TRY IT: Every record below must be retyped exactly, with the pictures left out.

================================

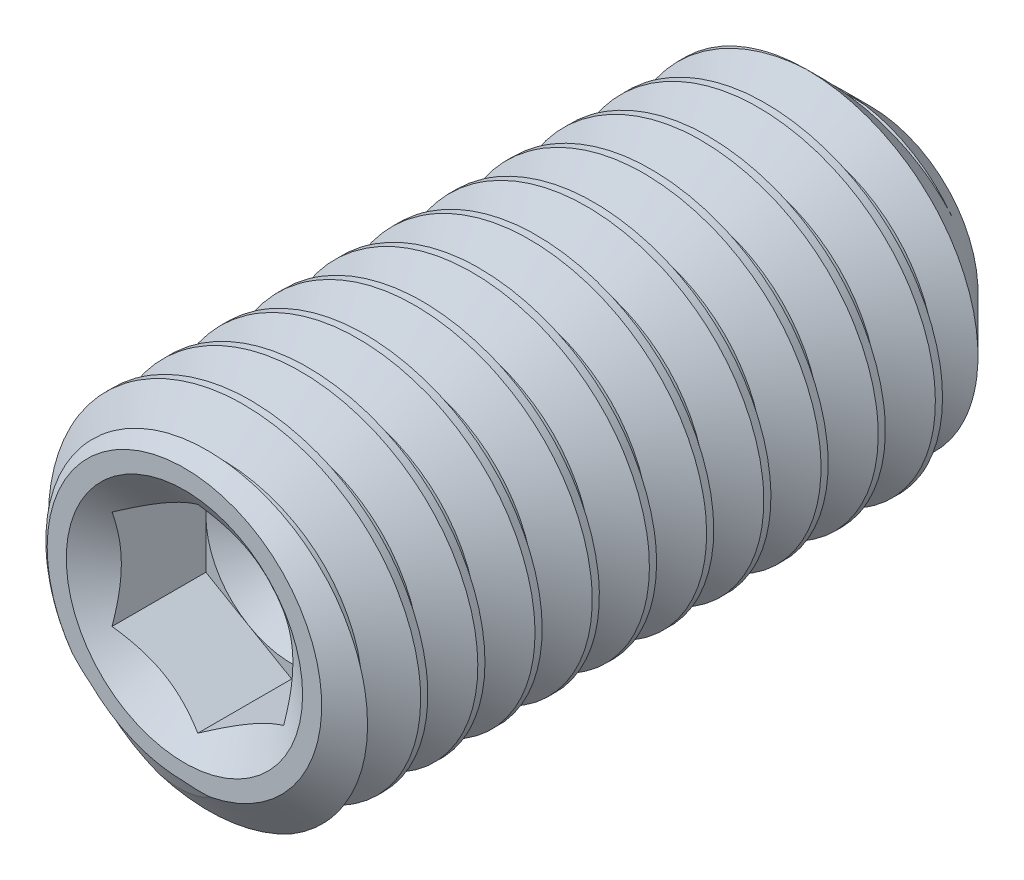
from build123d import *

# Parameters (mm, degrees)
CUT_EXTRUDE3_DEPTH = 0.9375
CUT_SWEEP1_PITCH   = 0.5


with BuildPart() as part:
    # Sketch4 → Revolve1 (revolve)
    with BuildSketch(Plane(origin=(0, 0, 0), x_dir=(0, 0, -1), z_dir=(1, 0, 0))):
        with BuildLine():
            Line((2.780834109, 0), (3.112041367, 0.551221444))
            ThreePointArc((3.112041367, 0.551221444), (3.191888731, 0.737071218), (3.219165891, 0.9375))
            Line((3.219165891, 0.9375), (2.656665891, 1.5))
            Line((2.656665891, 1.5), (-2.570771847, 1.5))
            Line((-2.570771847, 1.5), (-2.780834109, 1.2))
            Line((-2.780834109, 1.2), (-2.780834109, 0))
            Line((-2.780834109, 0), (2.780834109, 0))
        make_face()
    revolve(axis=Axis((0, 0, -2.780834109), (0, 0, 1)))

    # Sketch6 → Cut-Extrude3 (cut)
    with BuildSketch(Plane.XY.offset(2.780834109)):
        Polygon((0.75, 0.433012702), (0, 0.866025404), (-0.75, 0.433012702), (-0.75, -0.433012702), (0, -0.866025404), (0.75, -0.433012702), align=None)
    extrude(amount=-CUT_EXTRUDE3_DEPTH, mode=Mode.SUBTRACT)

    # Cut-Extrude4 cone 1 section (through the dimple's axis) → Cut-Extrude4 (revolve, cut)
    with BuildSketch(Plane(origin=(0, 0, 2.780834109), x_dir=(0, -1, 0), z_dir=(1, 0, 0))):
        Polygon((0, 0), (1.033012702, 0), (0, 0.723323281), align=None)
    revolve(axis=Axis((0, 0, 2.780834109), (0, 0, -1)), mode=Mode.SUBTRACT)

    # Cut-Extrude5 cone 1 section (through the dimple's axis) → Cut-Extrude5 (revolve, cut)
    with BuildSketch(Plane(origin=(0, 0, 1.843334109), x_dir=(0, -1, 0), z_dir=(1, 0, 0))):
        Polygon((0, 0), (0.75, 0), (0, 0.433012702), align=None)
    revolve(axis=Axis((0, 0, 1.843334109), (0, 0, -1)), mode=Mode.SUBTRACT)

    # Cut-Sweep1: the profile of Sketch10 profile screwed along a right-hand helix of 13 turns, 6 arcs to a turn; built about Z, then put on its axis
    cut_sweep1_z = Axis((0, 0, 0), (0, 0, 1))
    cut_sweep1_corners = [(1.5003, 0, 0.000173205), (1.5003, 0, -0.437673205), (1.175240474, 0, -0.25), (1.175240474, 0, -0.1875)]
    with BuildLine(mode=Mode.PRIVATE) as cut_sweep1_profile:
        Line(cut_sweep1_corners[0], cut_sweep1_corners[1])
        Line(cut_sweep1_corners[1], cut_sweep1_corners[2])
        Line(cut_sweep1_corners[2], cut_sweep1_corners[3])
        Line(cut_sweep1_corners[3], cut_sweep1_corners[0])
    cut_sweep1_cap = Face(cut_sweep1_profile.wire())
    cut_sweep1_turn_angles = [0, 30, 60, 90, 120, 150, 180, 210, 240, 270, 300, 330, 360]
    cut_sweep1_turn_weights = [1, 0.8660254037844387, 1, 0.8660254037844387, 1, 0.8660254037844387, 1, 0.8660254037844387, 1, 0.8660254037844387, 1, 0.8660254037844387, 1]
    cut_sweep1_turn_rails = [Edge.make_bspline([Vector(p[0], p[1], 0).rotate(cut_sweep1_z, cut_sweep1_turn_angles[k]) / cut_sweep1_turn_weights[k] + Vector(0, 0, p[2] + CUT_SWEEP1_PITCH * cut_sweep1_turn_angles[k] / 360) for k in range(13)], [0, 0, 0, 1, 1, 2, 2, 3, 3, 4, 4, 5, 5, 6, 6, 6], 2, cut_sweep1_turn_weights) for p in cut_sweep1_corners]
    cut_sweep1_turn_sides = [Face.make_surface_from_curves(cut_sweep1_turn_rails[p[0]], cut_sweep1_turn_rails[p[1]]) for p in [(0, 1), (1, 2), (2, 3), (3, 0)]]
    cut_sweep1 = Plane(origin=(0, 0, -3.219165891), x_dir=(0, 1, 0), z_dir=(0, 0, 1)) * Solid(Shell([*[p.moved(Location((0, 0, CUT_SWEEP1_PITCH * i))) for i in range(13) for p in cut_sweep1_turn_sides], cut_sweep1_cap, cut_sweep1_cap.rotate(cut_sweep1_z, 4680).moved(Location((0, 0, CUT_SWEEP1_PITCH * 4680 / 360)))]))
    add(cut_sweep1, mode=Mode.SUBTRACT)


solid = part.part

================================

EXERCISE RESULT:
from build123d import *

# Parameters (mm, degrees)
CUT_EXTRUDE3_DEPTH = 0.9375
CUT_SWEEP1_PITCH   = 0.5


with BuildPart() as part:
    # Sketch4 → Revolve1 (revolve)
    with BuildSketch(Plane(origin=(0, 0, 0), x_dir=(0, 0, -1), z_dir=(1, 0, 0))):
        with BuildLine():
            Line((2.780834109, 0), (3.112041367, 0.551221444))
            ThreePointArc((3.112041367, 0.551221444), (3.191888731, 0.737071218), (3.219165891, 0.9375))
            Line((3.219165891, 0.9375), (2.656665891, 1.5))
            Line((2.656665891, 1.5), (-2.570771847, 1.5))
            Line((-2.570771847, 1.5), (-2.780834109, 1.2))
            Line((-2.780834109, 1.2), (-2.780834109, 0))
            Line((-2.780834109, 0), (2.780834109, 0))
        make_face()
    revolve(axis=Axis((0, 0, -2.780834109), (0, 0, 1)))

    # Sketch6 → Cut-Extrude3 (cut)
    with BuildSketch(Plane.XY.offset(2.780834109)):
        Polygon((0.75, 0.433012702), (0, 0.866025404), (-0.75, 0.433012702), (-0.75, -0.433012702), (0, -0.866025404), (0.75, -0.433012702), align=None)
    extrude(amount=-CUT_EXTRUDE3_DEPTH, mode=Mode.SUBTRACT)

    # Cut-Extrude4 cone 1 section (through the dimple's axis) → Cut-Extrude4 (revolve, cut)
    with BuildSketch(Plane(origin=(0, 0, 2.780834109), x_dir=(0, -1, 0), z_dir=(1, 0, 0))):
        Polygon((0, 0), (1.033012702, 0), (0, 0.723323281), align=None)
    revolve(axis=Axis((0, 0, 2.780834109), (0, 0, -1)), mode=Mode.SUBTRACT)

    # Cut-Extrude5 cone 1 section (through the dimple's axis) → Cut-Extrude5 (revolve, cut)
    with BuildSketch(Plane(origin=(0, 0, 1.843334109), x_dir=(0, -1, 0), z_dir=(1, 0, 0))):
        Polygon((0, 0), (0.75, 0), (0, 0.433012702), align=None)
    revolve(axis=Axis((0, 0, 1.843334109), (0, 0, -1)), mode=Mode.SUBTRACT)

    # Cut-Sweep1: the profile of Sketch10 profile screwed along a right-hand helix of 13 turns, 6 arcs to a turn; built about Z, then put on its axis
    cut_sweep1_z = Axis((0, 0, 0), (0, 0, 1))
    cut_sweep1_corners = [(1.5003, 0, 0.000173205), (1.5003, 0, -0.437673205), (1.175240474, 0, -0.25), (1.175240474, 0, -0.1875)]
    with BuildLine(mode=Mode.PRIVATE) as cut_sweep1_profile:
        Line(cut_sweep1_corners[0], cut_sweep1_corners[1])
        Line(cut_sweep1_corners[1], cut_sweep1_corners[2])
        Line(cut_sweep1_corners[2], cut_sweep1_corners[3])
        Line(cut_sweep1_corners[3], cut_sweep1_corners[0])
    cut_sweep1_cap = Face(cut_sweep1_profile.wire())
    cut_sweep1_turn_angles = [0, 30, 60, 90, 120, 150, 180, 210, 240, 270, 300, 330, 360]
    cut_sweep1_turn_weights = [1, 0.8660254037844387, 1, 0.8660254037844387, 1, 0.8660254037844387, 1, 0.8660254037844387, 1, 0.8660254037844387, 1, 0.8660254037844387, 1]
    cut_sweep1_turn_rails = [Edge.make_bspline([Vector(p[0], p[1], 0).rotate(cut_sweep1_z, cut_sweep1_turn_angles[k]) / cut_sweep1_turn_weights[k] + Vector(0, 0, p[2] + CUT_SWEEP1_PITCH * cut_sweep1_turn_angles[k] / 360) for k in range(13)], [0, 0, 0, 1, 1, 2, 2, 3, 3, 4, 4, 5, 5, 6, 6, 6], 2, cut_sweep1_turn_weights) for p in cut_sweep1_corners]
    cut_sweep1_turn_sides = [Face.make_surface_from_curves(cut_sweep1_turn_rails[p[0]], cut_sweep1_turn_rails[p[1]]) for p in [(0, 1), (1, 2), (2, 3), (3, 0)]]
    cut_sweep1 = Plane(origin=(0, 0, -3.219165891), x_dir=(0, 1, 0), z_dir=(0, 0, 1)) * Solid(Shell([*[p.moved(Location((0, 0, CUT_SWEEP1_PITCH * i))) for i in range(13) for p in cut_sweep1_turn_sides], cut_sweep1_cap, cut_sweep1_cap.rotate(cut_sweep1_z, 4680).moved(Location((0, 0, CUT_SWEEP1_PITCH * 4680 / 360)))]))
    add(cut_sweep1, mode=Mode.SUBTRACT)


solid = part.part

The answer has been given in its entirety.